## Exercise:
Reproduce word for word, from the entries below, the line with "2026-04-19 multiple images support", the line with "2026-04-20 actually add two free TTF fonts", and every line between them, and nothing more.

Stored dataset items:
======
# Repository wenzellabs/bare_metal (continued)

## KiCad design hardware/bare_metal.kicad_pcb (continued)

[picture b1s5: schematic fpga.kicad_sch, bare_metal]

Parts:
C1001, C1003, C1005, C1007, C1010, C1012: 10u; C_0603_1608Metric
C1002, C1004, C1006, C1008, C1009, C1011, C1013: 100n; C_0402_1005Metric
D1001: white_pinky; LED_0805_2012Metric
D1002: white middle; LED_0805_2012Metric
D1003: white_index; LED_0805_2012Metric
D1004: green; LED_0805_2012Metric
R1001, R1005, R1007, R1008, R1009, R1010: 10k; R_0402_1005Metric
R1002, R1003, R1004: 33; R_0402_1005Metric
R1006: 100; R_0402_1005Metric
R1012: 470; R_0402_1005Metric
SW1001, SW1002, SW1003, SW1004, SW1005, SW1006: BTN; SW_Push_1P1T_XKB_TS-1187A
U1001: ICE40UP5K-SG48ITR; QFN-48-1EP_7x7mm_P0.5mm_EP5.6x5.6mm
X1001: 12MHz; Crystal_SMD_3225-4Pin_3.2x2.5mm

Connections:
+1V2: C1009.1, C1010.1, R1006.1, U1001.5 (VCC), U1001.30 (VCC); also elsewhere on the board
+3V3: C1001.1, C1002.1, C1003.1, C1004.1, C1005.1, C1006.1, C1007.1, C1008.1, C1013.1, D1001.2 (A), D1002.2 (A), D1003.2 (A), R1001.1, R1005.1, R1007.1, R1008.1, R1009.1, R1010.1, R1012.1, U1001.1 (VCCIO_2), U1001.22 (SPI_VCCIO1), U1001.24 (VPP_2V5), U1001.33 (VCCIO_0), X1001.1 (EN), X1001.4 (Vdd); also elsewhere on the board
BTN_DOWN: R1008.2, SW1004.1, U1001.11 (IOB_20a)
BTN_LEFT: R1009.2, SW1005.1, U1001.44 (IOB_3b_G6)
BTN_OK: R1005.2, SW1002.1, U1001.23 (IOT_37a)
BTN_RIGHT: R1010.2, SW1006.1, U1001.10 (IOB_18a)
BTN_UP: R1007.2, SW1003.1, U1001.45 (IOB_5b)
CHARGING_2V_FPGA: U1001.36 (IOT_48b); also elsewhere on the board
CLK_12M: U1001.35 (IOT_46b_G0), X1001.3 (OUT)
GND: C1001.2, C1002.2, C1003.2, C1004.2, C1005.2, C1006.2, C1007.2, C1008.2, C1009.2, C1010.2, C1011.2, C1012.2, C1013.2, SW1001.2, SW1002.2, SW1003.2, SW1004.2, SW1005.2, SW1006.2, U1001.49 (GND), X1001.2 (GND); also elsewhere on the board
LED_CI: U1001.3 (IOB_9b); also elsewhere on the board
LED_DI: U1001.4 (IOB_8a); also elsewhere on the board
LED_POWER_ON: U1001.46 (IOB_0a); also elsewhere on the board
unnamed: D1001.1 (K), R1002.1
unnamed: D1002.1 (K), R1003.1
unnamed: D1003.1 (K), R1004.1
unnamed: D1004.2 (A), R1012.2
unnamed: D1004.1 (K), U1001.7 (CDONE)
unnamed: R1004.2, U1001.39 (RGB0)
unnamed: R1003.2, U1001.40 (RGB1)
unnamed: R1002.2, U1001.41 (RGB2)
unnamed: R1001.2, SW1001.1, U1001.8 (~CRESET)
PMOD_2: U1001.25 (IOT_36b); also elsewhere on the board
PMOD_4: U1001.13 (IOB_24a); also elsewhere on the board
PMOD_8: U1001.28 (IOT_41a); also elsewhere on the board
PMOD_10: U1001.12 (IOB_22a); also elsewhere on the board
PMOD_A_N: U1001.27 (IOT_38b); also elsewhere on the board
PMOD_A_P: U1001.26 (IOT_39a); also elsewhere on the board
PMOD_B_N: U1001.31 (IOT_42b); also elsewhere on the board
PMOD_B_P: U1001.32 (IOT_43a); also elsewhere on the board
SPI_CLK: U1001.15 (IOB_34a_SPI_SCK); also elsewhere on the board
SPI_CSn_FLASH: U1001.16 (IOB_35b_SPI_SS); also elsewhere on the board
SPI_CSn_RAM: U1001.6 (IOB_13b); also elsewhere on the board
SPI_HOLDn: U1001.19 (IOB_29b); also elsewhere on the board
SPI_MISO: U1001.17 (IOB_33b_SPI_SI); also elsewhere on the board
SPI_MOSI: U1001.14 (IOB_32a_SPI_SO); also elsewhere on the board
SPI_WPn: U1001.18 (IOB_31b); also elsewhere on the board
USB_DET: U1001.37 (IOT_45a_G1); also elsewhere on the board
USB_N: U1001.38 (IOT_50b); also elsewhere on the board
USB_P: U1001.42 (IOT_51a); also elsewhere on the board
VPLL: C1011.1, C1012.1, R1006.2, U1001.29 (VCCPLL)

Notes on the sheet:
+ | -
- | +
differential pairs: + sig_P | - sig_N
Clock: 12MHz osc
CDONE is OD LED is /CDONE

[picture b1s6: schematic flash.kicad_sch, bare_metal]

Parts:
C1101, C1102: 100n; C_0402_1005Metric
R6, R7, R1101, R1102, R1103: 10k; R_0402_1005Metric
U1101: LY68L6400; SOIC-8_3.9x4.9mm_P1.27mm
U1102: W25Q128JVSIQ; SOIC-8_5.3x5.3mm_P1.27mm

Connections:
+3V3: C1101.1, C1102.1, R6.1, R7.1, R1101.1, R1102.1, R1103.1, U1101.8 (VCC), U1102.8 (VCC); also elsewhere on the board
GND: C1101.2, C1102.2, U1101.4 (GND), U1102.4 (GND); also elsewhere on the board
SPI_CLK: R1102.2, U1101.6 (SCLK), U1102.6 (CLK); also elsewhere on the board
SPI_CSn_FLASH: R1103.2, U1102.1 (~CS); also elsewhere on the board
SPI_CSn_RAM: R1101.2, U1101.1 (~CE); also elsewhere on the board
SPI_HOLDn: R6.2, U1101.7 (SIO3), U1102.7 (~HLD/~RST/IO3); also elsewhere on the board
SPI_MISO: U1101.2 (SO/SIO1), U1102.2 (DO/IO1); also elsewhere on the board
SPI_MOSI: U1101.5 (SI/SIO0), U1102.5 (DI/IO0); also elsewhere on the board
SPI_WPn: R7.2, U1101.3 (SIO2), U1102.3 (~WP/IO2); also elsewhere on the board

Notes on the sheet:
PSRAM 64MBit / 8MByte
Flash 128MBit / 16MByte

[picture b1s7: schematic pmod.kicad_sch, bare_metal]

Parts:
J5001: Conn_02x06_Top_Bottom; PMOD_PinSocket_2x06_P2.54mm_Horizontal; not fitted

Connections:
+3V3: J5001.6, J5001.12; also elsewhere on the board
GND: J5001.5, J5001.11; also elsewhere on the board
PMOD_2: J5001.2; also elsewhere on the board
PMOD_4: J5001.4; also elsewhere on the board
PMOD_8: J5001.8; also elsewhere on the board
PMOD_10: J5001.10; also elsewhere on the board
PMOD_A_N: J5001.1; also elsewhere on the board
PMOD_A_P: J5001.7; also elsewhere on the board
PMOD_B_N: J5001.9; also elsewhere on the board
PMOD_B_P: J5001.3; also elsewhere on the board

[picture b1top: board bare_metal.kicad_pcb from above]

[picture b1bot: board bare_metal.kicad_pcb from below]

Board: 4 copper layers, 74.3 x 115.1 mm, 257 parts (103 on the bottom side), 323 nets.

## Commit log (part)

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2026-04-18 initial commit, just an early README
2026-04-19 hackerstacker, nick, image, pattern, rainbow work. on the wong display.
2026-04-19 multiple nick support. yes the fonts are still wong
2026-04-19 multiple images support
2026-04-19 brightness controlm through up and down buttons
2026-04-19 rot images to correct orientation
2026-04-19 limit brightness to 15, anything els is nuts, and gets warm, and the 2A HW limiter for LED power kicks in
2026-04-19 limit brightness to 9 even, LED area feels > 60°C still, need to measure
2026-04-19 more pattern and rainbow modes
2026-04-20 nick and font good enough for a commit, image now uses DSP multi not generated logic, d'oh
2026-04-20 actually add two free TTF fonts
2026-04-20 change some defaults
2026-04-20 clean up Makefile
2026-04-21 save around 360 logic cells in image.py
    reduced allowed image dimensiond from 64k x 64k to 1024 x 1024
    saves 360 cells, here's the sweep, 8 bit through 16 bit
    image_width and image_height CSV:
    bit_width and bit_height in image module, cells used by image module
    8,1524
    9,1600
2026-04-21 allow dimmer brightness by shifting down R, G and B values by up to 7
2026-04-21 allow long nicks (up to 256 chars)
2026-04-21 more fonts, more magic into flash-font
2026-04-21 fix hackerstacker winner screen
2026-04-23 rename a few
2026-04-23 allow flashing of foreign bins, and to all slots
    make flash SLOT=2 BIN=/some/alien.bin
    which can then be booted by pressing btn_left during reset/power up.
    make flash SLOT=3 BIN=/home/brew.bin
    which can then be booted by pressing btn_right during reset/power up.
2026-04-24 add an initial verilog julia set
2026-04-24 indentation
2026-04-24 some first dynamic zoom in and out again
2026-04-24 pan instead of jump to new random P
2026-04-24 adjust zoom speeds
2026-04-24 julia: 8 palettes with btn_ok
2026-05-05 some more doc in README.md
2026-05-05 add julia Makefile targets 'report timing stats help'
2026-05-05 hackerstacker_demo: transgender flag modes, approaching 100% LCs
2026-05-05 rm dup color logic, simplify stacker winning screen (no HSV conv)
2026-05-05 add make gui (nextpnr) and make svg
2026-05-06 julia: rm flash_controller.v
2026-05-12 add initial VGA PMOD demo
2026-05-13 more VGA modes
======
## Task solution:
2026-04-19 multiple images support
2026-04-19 brightness controlm through up and down buttons
2026-04-19 rot images to correct orientation
2026-04-19 limit brightness to 15, anything els is nuts, and gets warm, and the 2A HW limiter for LED power kicks in
2026-04-19 limit brightness to 9 even, LED area feels > 60°C still, need to measure
2026-04-19 more pattern and rainbow modes
2026-04-20 nick and font good enough for a commit, image now uses DSP multi not generated logic, d'oh
2026-04-20 actually add two free TTF fonts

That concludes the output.